### Records supplied:
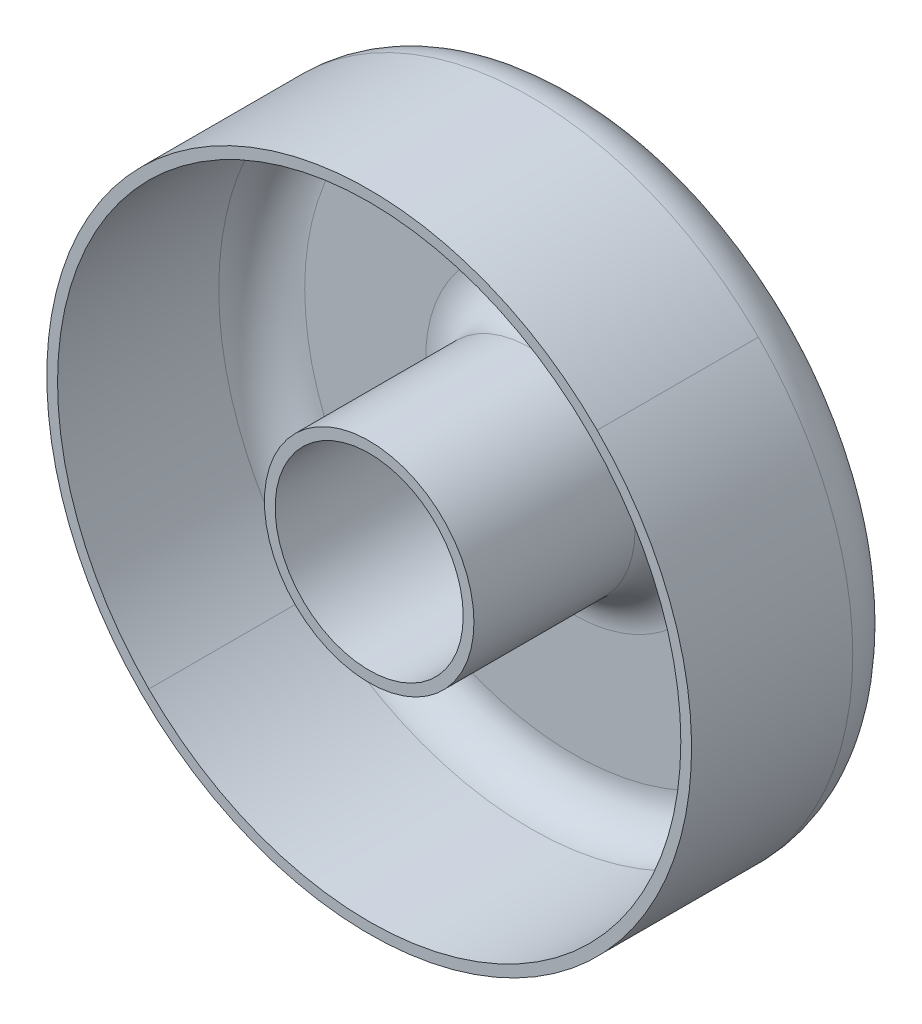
ISO-10303-21;
HEADER;
FILE_DESCRIPTION(('STEP AP214'),'2;1');
FILE_NAME('part.step','',(''),(''),'','','');
FILE_SCHEMA(('AUTOMOTIVE_DESIGN { 1 0 10303 214 1 1 1 1 }'));
ENDSEC;
DATA;
#1=APPLICATION_CONTEXT('core data for automotive mechanical design processes');
#2=APPLICATION_PROTOCOL_DEFINITION('international standard','automotive_design',2000,#1);
#3=PRODUCT_CONTEXT('',#1,'mechanical');
#4=PRODUCT('Part','Part','',(#3));
#5=PRODUCT_RELATED_PRODUCT_CATEGORY('part','',(#4));
#6=PRODUCT_DEFINITION_FORMATION('','',#4);
#7=PRODUCT_DEFINITION_CONTEXT('part definition',#1,'design');
#8=PRODUCT_DEFINITION('design','',#6,#7);
#9=PRODUCT_DEFINITION_SHAPE('','',#8);
#10=(LENGTH_UNIT() NAMED_UNIT(*) SI_UNIT(.MILLI.,.METRE.));
#11=(NAMED_UNIT(*) PLANE_ANGLE_UNIT() SI_UNIT($,.RADIAN.));
#12=(NAMED_UNIT(*) SI_UNIT($,.STERADIAN.) SOLID_ANGLE_UNIT());
#13=UNCERTAINTY_MEASURE_WITH_UNIT(LENGTH_MEASURE(1.E-05),#10,'distance_accuracy_value','');
#14=(GEOMETRIC_REPRESENTATION_CONTEXT(3) GLOBAL_UNCERTAINTY_ASSIGNED_CONTEXT((#13)) GLOBAL_UNIT_ASSIGNED_CONTEXT((#10,
#11,#12)) REPRESENTATION_CONTEXT('',''));
#15=CARTESIAN_POINT('',(0.,0.,0.));
#16=DIRECTION('',(0.,0.,1.));
#17=DIRECTION('',(1.,0.,0.));
#18=AXIS2_PLACEMENT_3D('',#15,#16,#17);
#19=CARTESIAN_POINT('',(0.,0.,40.));
#20=DIRECTION('',(0.,0.,-1.));
#21=DIRECTION('',(-1.,0.,0.));
#22=AXIS2_PLACEMENT_3D('',#19,#20,#21);
#23=CYLINDRICAL_SURFACE('',#22,58.);
#24=CARTESIAN_POINT('',(0.,0.,10.));
#25=DIRECTION('',(0.,0.,-1.));
#26=DIRECTION('',(-1.,0.,0.));
#27=AXIS2_PLACEMENT_3D('',#24,#25,#26);
#28=CIRCLE('',#27,58.);
#29=CARTESIAN_POINT('',(-41.0121933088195,41.01219330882,10.));
#30=VERTEX_POINT('',#29);
#31=CARTESIAN_POINT('',(-41.0121933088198,-41.0121933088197,10.));
#32=VERTEX_POINT('',#31);
#33=EDGE_CURVE('E162',#30,#32,#28,.F.);
#34=ORIENTED_EDGE('',*,*,#33,.F.);
#35=DIRECTION('',(0.,0.,-1.));
#36=VECTOR('',#35,1.);
#37=CARTESIAN_POINT('',(-41.0121933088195,41.01219330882,40.));
#38=LINE('',#37,#36);
#39=CARTESIAN_POINT('',(-41.0121933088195,41.01219330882,40.));
#40=VERTEX_POINT('',#39);
#41=EDGE_CURVE('E11',#30,#40,#38,.F.);
#42=ORIENTED_EDGE('',*,*,#41,.T.);
#43=CARTESIAN_POINT('',(0.,0.,40.));
#44=DIRECTION('',(0.,0.,1.));
#45=DIRECTION('',(1.,0.,0.));
#46=AXIS2_PLACEMENT_3D('',#43,#44,#45);
#47=CIRCLE('',#46,58.);
#48=CARTESIAN_POINT('',(-41.0121933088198,-41.0121933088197,40.));
#49=VERTEX_POINT('',#48);
#50=EDGE_CURVE('E146',#40,#49,#47,.T.);
#51=ORIENTED_EDGE('',*,*,#50,.T.);
#52=DIRECTION('',(0.,0.,-1.));
#53=VECTOR('',#52,1.);
#54=CARTESIAN_POINT('',(-41.0121933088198,-41.0121933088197,40.));
#55=LINE('',#54,#53);
#56=EDGE_CURVE('E110',#32,#49,#55,.F.);
#57=ORIENTED_EDGE('',*,*,#56,.F.);
#58=EDGE_LOOP('',(#34,#42,#51,#57));
#59=FACE_BOUND('',#58,.T.);
#60=ADVANCED_FACE('F44',(#59),#23,.F.);
#61=CARTESIAN_POINT('',(0.,0.,40.));
#62=DIRECTION('',(0.,0.,-1.));
#63=DIRECTION('',(-1.,0.,0.));
#64=AXIS2_PLACEMENT_3D('',#61,#62,#63);
#65=CYLINDRICAL_SURFACE('',#64,60.);
#66=DIRECTION('',(0.,0.,-1.));
#67=VECTOR('',#66,1.);
#68=CARTESIAN_POINT('',(-42.4264068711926,42.4264068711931,40.));
#69=LINE('',#68,#67);
#70=CARTESIAN_POINT('',(-42.4264068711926,42.4264068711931,10.));
#71=VERTEX_POINT('',#70);
#72=CARTESIAN_POINT('',(-42.4264068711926,42.4264068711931,40.));
#73=VERTEX_POINT('',#72);
#74=EDGE_CURVE('E47',#71,#73,#69,.F.);
#75=ORIENTED_EDGE('',*,*,#74,.F.);
#76=CARTESIAN_POINT('',(0.,0.,10.));
#77=DIRECTION('',(0.,0.,1.));
#78=DIRECTION('',(1.,0.,0.));
#79=AXIS2_PLACEMENT_3D('',#76,#77,#78);
#80=CIRCLE('',#79,60.);
#81=CARTESIAN_POINT('',(-42.4264068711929,-42.4264068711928,10.));
#82=VERTEX_POINT('',#81);
#83=EDGE_CURVE('E120',#71,#82,#80,.T.);
#84=ORIENTED_EDGE('',*,*,#83,.T.);
#85=DIRECTION('',(0.,0.,-1.));
#86=VECTOR('',#85,1.);
#87=CARTESIAN_POINT('',(-42.4264068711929,-42.4264068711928,40.));
#88=LINE('',#87,#86);
#89=CARTESIAN_POINT('',(-42.4264068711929,-42.4264068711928,40.));
#90=VERTEX_POINT('',#89);
#91=EDGE_CURVE('E108',#82,#90,#88,.F.);
#92=ORIENTED_EDGE('',*,*,#91,.T.);
#93=CARTESIAN_POINT('',(0.,0.,40.));
#94=DIRECTION('',(0.,0.,1.));
#95=DIRECTION('',(1.,0.,0.));
#96=AXIS2_PLACEMENT_3D('',#93,#94,#95);
#97=CIRCLE('',#96,60.);
#98=EDGE_CURVE('E177',#73,#90,#97,.T.);
#99=ORIENTED_EDGE('',*,*,#98,.F.);
#100=EDGE_LOOP('',(#75,#84,#92,#99));
#101=FACE_BOUND('',#100,.T.);
#102=ADVANCED_FACE('F201',(#101),#65,.T.);
#103=CARTESIAN_POINT('',(41.0121933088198,41.0121933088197,40.));
#104=VERTEX_POINT('',#103);
#105=EDGE_CURVE('E139',#49,#104,#47,.T.);
#106=ORIENTED_EDGE('',*,*,#105,.T.);
#107=DIRECTION('',(0.,0.,-1.));
#108=VECTOR('',#107,1.);
#109=CARTESIAN_POINT('',(41.0121933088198,41.0121933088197,40.));
#110=LINE('',#109,#108);
#111=CARTESIAN_POINT('',(41.0121933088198,41.0121933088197,10.));
#112=VERTEX_POINT('',#111);
#113=EDGE_CURVE('E123',#104,#112,#110,.T.);
#114=ORIENTED_EDGE('',*,*,#113,.T.);
#115=EDGE_CURVE('E145',#32,#112,#28,.F.);
#116=ORIENTED_EDGE('',*,*,#115,.F.);
#117=ORIENTED_EDGE('',*,*,#56,.T.);
#118=EDGE_LOOP('',(#106,#114,#116,#117));
#119=FACE_BOUND('',#118,.T.);
#120=ADVANCED_FACE('F136',(#119),#23,.F.);
#121=DIRECTION('',(0.,0.,-1.));
#122=VECTOR('',#121,1.);
#123=CARTESIAN_POINT('',(42.4264068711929,42.4264068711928,40.));
#124=LINE('',#123,#122);
#125=CARTESIAN_POINT('',(42.4264068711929,42.4264068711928,40.));
#126=VERTEX_POINT('',#125);
#127=CARTESIAN_POINT('',(42.4264068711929,42.4264068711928,10.));
#128=VERTEX_POINT('',#127);
#129=EDGE_CURVE('E98',#126,#128,#124,.T.);
#130=ORIENTED_EDGE('',*,*,#129,.F.);
#131=EDGE_CURVE('E175',#90,#126,#97,.T.);
#132=ORIENTED_EDGE('',*,*,#131,.F.);
#133=ORIENTED_EDGE('',*,*,#91,.F.);
#134=EDGE_CURVE('E115',#82,#128,#80,.T.);
#135=ORIENTED_EDGE('',*,*,#134,.T.);
#136=EDGE_LOOP('',(#130,#132,#133,#135));
#137=FACE_BOUND('',#136,.T.);
#138=ADVANCED_FACE('F112',(#137),#65,.T.);
#139=CARTESIAN_POINT('',(0.,0.,40.));
#140=DIRECTION('',(0.,0.,1.));
#141=DIRECTION('',(1.,0.,0.));
#142=AXIS2_PLACEMENT_3D('',#139,#140,#141);
#143=PLANE('',#142);
#144=CARTESIAN_POINT('',(0.,0.,40.));
#145=DIRECTION('',(0.,0.,1.));
#146=DIRECTION('',(1.,0.,0.));
#147=AXIS2_PLACEMENT_3D('',#144,#145,#146);
#148=CIRCLE('',#147,17.5);
#149=CARTESIAN_POINT('',(17.5,0.,40.));
#150=VERTEX_POINT('',#149);
#151=EDGE_CURVE('E169',#150,#150,#148,.T.);
#152=ORIENTED_EDGE('',*,*,#151,.F.);
#153=EDGE_LOOP('',(#152));
#154=FACE_BOUND('',#153,.T.);
#155=CARTESIAN_POINT('',(0.,0.,40.));
#156=DIRECTION('',(0.,0.,1.));
#157=DIRECTION('',(1.,0.,0.));
#158=AXIS2_PLACEMENT_3D('',#155,#156,#157);
#159=CIRCLE('',#158,19.5);
#160=CARTESIAN_POINT('',(19.5,0.,40.));
#161=VERTEX_POINT('',#160);
#162=EDGE_CURVE('E149',#161,#161,#159,.T.);
#163=ORIENTED_EDGE('',*,*,#162,.T.);
#164=EDGE_LOOP('',(#163));
#165=FACE_BOUND('',#164,.T.);
#166=ADVANCED_FACE('F239',(#154,#165),#143,.T.);
#167=EDGE_CURVE('E97',#128,#71,#80,.T.);
#168=ORIENTED_EDGE('',*,*,#167,.T.);
#169=ORIENTED_EDGE('',*,*,#74,.T.);
#170=EDGE_CURVE('E105',#126,#73,#97,.T.);
#171=ORIENTED_EDGE('',*,*,#170,.F.);
#172=ORIENTED_EDGE('',*,*,#129,.T.);
#173=EDGE_LOOP('',(#168,#169,#171,#172));
#174=FACE_BOUND('',#173,.T.);
#175=ADVANCED_FACE('F96',(#174),#65,.T.);
#176=EDGE_CURVE('E147',#104,#40,#47,.T.);
#177=ORIENTED_EDGE('',*,*,#176,.F.);
#178=ORIENTED_EDGE('',*,*,#105,.F.);
#179=ORIENTED_EDGE('',*,*,#50,.F.);
#180=EDGE_LOOP('',(#177,#178,#179));
#181=FACE_BOUND('',#180,.T.);
#182=ORIENTED_EDGE('',*,*,#170,.T.);
#183=ORIENTED_EDGE('',*,*,#98,.T.);
#184=ORIENTED_EDGE('',*,*,#131,.T.);
#185=EDGE_LOOP('',(#182,#183,#184));
#186=FACE_BOUND('',#185,.T.);
#187=ADVANCED_FACE('F144',(#181,#186),#143,.T.);
#188=CARTESIAN_POINT('',(0.,0.,0.));
#189=DIRECTION('',(0.,0.,1.));
#190=DIRECTION('',(1.,0.,0.));
#191=AXIS2_PLACEMENT_3D('',#188,#189,#190);
#192=PLANE('',#191);
#193=CARTESIAN_POINT('',(0.,0.,0.));
#194=DIRECTION('',(0.,0.,1.));
#195=DIRECTION('',(1.,0.,0.));
#196=AXIS2_PLACEMENT_3D('',#193,#194,#195);
#197=CIRCLE('',#196,27.5);
#198=CARTESIAN_POINT('',(27.5,0.,0.));
#199=VERTEX_POINT('',#198);
#200=EDGE_CURVE('E182',#199,#199,#197,.T.);
#201=ORIENTED_EDGE('',*,*,#200,.T.);
#202=EDGE_LOOP('',(#201));
#203=FACE_BOUND('',#202,.T.);
#204=CARTESIAN_POINT('',(0.,0.,0.));
#205=DIRECTION('',(0.,0.,1.));
#206=DIRECTION('',(1.,0.,0.));
#207=AXIS2_PLACEMENT_3D('',#204,#205,#206);
#208=CIRCLE('',#207,50.);
#209=CARTESIAN_POINT('',(50.,0.,0.));
#210=VERTEX_POINT('',#209);
#211=EDGE_CURVE('E176',#210,#210,#208,.F.);
#212=ORIENTED_EDGE('',*,*,#211,.T.);
#213=EDGE_LOOP('',(#212));
#214=FACE_BOUND('',#213,.T.);
#215=ADVANCED_FACE('F202',(#203,#214),#192,.F.);
#216=CARTESIAN_POINT('',(0.,0.,0.));
#217=DIRECTION('',(0.,0.,1.));
#218=DIRECTION('',(1.,0.,0.));
#219=AXIS2_PLACEMENT_3D('',#216,#217,#218);
#220=CYLINDRICAL_SURFACE('',#219,17.5);
#221=CARTESIAN_POINT('',(0.,0.,10.));
#222=DIRECTION('',(0.,0.,1.));
#223=DIRECTION('',(1.,0.,0.));
#224=AXIS2_PLACEMENT_3D('',#221,#222,#223);
#225=CIRCLE('',#224,17.5);
#226=CARTESIAN_POINT('',(17.5,0.,10.));
#227=VERTEX_POINT('',#226);
#228=EDGE_CURVE('E119',#227,#227,#225,.F.);
#229=ORIENTED_EDGE('',*,*,#228,.T.);
#230=EDGE_LOOP('',(#229));
#231=FACE_BOUND('',#230,.T.);
#232=ORIENTED_EDGE('',*,*,#151,.T.);
#233=EDGE_LOOP('',(#232));
#234=FACE_BOUND('',#233,.T.);
#235=ADVANCED_FACE('F188',(#231,#234),#220,.F.);
#236=CARTESIAN_POINT('',(0.,0.,10.));
#237=DIRECTION('',(0.,0.,1.));
#238=DIRECTION('',(1.,0.,0.));
#239=AXIS2_PLACEMENT_3D('',#236,#237,#238);
#240=TOROIDAL_SURFACE('',#239,27.5,10.);
#241=ORIENTED_EDGE('',*,*,#228,.F.);
#242=EDGE_LOOP('',(#241));
#243=FACE_BOUND('',#242,.T.);
#244=ORIENTED_EDGE('',*,*,#200,.F.);
#245=EDGE_LOOP('',(#244));
#246=FACE_BOUND('',#245,.T.);
#247=ADVANCED_FACE('F189',(#243,#246),#240,.T.);
#248=CARTESIAN_POINT('',(0.,0.,10.));
#249=DIRECTION('',(0.,0.,1.));
#250=DIRECTION('',(1.,0.,0.));
#251=AXIS2_PLACEMENT_3D('',#248,#249,#250);
#252=TOROIDAL_SURFACE('',#251,50.,10.);
#253=ORIENTED_EDGE('',*,*,#211,.F.);
#254=EDGE_LOOP('',(#253));
#255=FACE_BOUND('',#254,.T.);
#256=ORIENTED_EDGE('',*,*,#167,.F.);
#257=ORIENTED_EDGE('',*,*,#134,.F.);
#258=ORIENTED_EDGE('',*,*,#83,.F.);
#259=EDGE_LOOP('',(#256,#257,#258));
#260=FACE_BOUND('',#259,.T.);
#261=ADVANCED_FACE('F50',(#255,#260),#252,.T.);
#262=ORIENTED_EDGE('',*,*,#41,.F.);
#263=EDGE_CURVE('E170',#112,#30,#28,.F.);
#264=ORIENTED_EDGE('',*,*,#263,.F.);
#265=ORIENTED_EDGE('',*,*,#113,.F.);
#266=ORIENTED_EDGE('',*,*,#176,.T.);
#267=EDGE_LOOP('',(#262,#264,#265,#266));
#268=FACE_BOUND('',#267,.T.);
#269=ADVANCED_FACE('F196',(#268),#23,.F.);
#270=CARTESIAN_POINT('',(0.,0.,2.));
#271=DIRECTION('',(0.,0.,1.));
#272=DIRECTION('',(1.,0.,0.));
#273=AXIS2_PLACEMENT_3D('',#270,#271,#272);
#274=PLANE('',#273);
#275=CARTESIAN_POINT('',(0.,0.,2.));
#276=DIRECTION('',(0.,0.,1.));
#277=DIRECTION('',(1.,0.,0.));
#278=AXIS2_PLACEMENT_3D('',#275,#276,#277);
#279=CIRCLE('',#278,27.5);
#280=CARTESIAN_POINT('',(27.5,0.,2.));
#281=VERTEX_POINT('',#280);
#282=EDGE_CURVE('E154',#281,#281,#279,.T.);
#283=ORIENTED_EDGE('',*,*,#282,.F.);
#284=EDGE_LOOP('',(#283));
#285=FACE_BOUND('',#284,.T.);
#286=CARTESIAN_POINT('',(0.,0.,2.));
#287=DIRECTION('',(0.,0.,1.));
#288=DIRECTION('',(1.,0.,0.));
#289=AXIS2_PLACEMENT_3D('',#286,#287,#288);
#290=CIRCLE('',#289,50.);
#291=CARTESIAN_POINT('',(50.,0.,2.));
#292=VERTEX_POINT('',#291);
#293=EDGE_CURVE('E151',#292,#292,#290,.F.);
#294=ORIENTED_EDGE('',*,*,#293,.F.);
#295=EDGE_LOOP('',(#294));
#296=FACE_BOUND('',#295,.T.);
#297=ADVANCED_FACE('F218',(#285,#296),#274,.T.);
#298=CARTESIAN_POINT('',(0.,0.,0.));
#299=DIRECTION('',(0.,0.,1.));
#300=DIRECTION('',(1.,0.,0.));
#301=AXIS2_PLACEMENT_3D('',#298,#299,#300);
#302=CYLINDRICAL_SURFACE('',#301,19.5);
#303=CARTESIAN_POINT('',(0.,0.,10.));
#304=DIRECTION('',(0.,0.,1.));
#305=DIRECTION('',(1.,0.,0.));
#306=AXIS2_PLACEMENT_3D('',#303,#304,#305);
#307=CIRCLE('',#306,19.5);
#308=CARTESIAN_POINT('',(19.5,0.,10.));
#309=VERTEX_POINT('',#308);
#310=EDGE_CURVE('E157',#309,#309,#307,.F.);
#311=ORIENTED_EDGE('',*,*,#310,.F.);
#312=EDGE_LOOP('',(#311));
#313=FACE_BOUND('',#312,.T.);
#314=ORIENTED_EDGE('',*,*,#162,.F.);
#315=EDGE_LOOP('',(#314));
#316=FACE_BOUND('',#315,.T.);
#317=ADVANCED_FACE('F221',(#313,#316),#302,.T.);
#318=CARTESIAN_POINT('',(0.,0.,10.));
#319=DIRECTION('',(0.,0.,1.));
#320=DIRECTION('',(1.,0.,0.));
#321=AXIS2_PLACEMENT_3D('',#318,#319,#320);
#322=TOROIDAL_SURFACE('',#321,27.5,8.);
#323=ORIENTED_EDGE('',*,*,#310,.T.);
#324=EDGE_LOOP('',(#323));
#325=FACE_BOUND('',#324,.T.);
#326=ORIENTED_EDGE('',*,*,#282,.T.);
#327=EDGE_LOOP('',(#326));
#328=FACE_BOUND('',#327,.T.);
#329=ADVANCED_FACE('F230',(#325,#328),#322,.F.);
#330=CARTESIAN_POINT('',(0.,0.,10.));
#331=DIRECTION('',(0.,0.,1.));
#332=DIRECTION('',(1.,0.,0.));
#333=AXIS2_PLACEMENT_3D('',#330,#331,#332);
#334=TOROIDAL_SURFACE('',#333,50.,8.);
#335=ORIENTED_EDGE('',*,*,#293,.T.);
#336=EDGE_LOOP('',(#335));
#337=FACE_BOUND('',#336,.T.);
#338=ORIENTED_EDGE('',*,*,#115,.T.);
#339=ORIENTED_EDGE('',*,*,#263,.T.);
#340=ORIENTED_EDGE('',*,*,#33,.T.);
#341=EDGE_LOOP('',(#338,#339,#340));
#342=FACE_BOUND('',#341,.T.);
#343=ADVANCED_FACE('F233',(#337,#342),#334,.F.);
#344=CLOSED_SHELL('',(#60,#102,#120,#138,#166,#175,#187,#215,#235,#247,#261,#269,#297,#317,#329,#343));
#345=MANIFOLD_SOLID_BREP('B2',#344);
#346=ADVANCED_BREP_SHAPE_REPRESENTATION('',(#18,#345),#14);
#347=SHAPE_DEFINITION_REPRESENTATION(#9,#346);
ENDSEC;
END-ISO-10303-21;

### Work order:
From the material above, retype precisely the lines between the line holding "#328=FACE_BOUND('',#327,.T.);" and the line holding "#337=FACE_BOUND('',#336,.T.);", inclusive, and nothing beyond them.

### Solved problem:
#328=FACE_BOUND('',#327,.T.);
#329=ADVANCED_FACE('F230',(#325,#328),#322,.F.);
#330=CARTESIAN_POINT('',(0.,0.,10.));
#331=DIRECTION('',(0.,0.,1.));
#332=DIRECTION('',(1.,0.,0.));
#333=AXIS2_PLACEMENT_3D('',#330,#331,#332);
#334=TOROIDAL_SURFACE('',#333,50.,8.);
#335=ORIENTED_EDGE('',*,*,#293,.T.);
#336=EDGE_LOOP('',(#335));
#337=FACE_BOUND('',#336,.T.);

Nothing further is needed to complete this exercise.